● **Exercise**
Please transcribe, word for word, the line containing "line L11 (45.2025, 50.5452)" and every line after it through the end of the records below, and nothing else.

(Dataset excerpts)
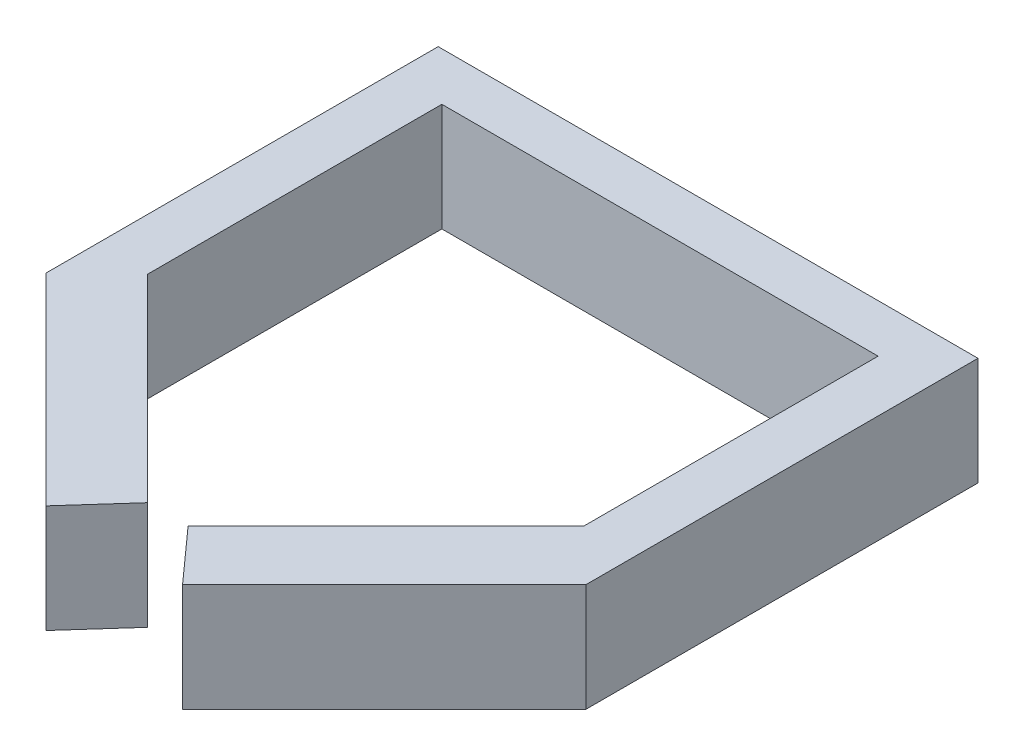
SolidWorks part; units mm, degrees
ref_plane "Front Plane" through (0, 0, 0) normal (0, 0, 1) x (1, 0, 0)
ref_plane "Top Plane" through (0, 0, 0) normal (0, 1, 0) x (1, 0, 0)
ref_plane "Right Plane" through (0, 0, 0) normal (1, 0, 0) x (0, 0, -1)
sketch "Sketch1" plane through (0, 0, 0) normal (0, 1, 0) x (1, 0, 0)
  line L0 (0, 18.676) -> (18.676, 0)
  line L2 (0, 18.676) -> (0, 55)
  line L3 (0, 55) -> (50, 55)
  line L4 (50, 18.676) -> (50, 55)
  line L6 (50, 18.676) -> (31.324, 0)
  line L7 (45.2025, 50.5452) -> (4.7975, 50.5452)
  line L8 (4.7975, 50.5452) -> (4.7975, 23.3022)
  line L9 (4.7975, 23.3022) -> (23.1308, 4.9688)
  line L10 (45.2025, 23.3022) -> (26.8692, 4.9688)
  line L11 (45.2025, 50.5452) -> (45.2025, 23.3022)
  line L12 (18.676, 0) -> (23.1308, 4.9688)
  line L13 (31.324, 0) -> (26.8692, 4.9688)
  point P14 (25, 50.5452)
extrude "Boss-Extrude1" add sketch "Sketch1" along normal blind 10

● **Answer to this task**
  line L11 (45.2025, 50.5452) -> (45.2025, 23.3022)
  line L12 (18.676, 0) -> (23.1308, 4.9688)
  line L13 (31.324, 0) -> (26.8692, 4.9688)
  point P14 (25, 50.5452)
extrude "Boss-Extrude1" add sketch "Sketch1" along normal blind 10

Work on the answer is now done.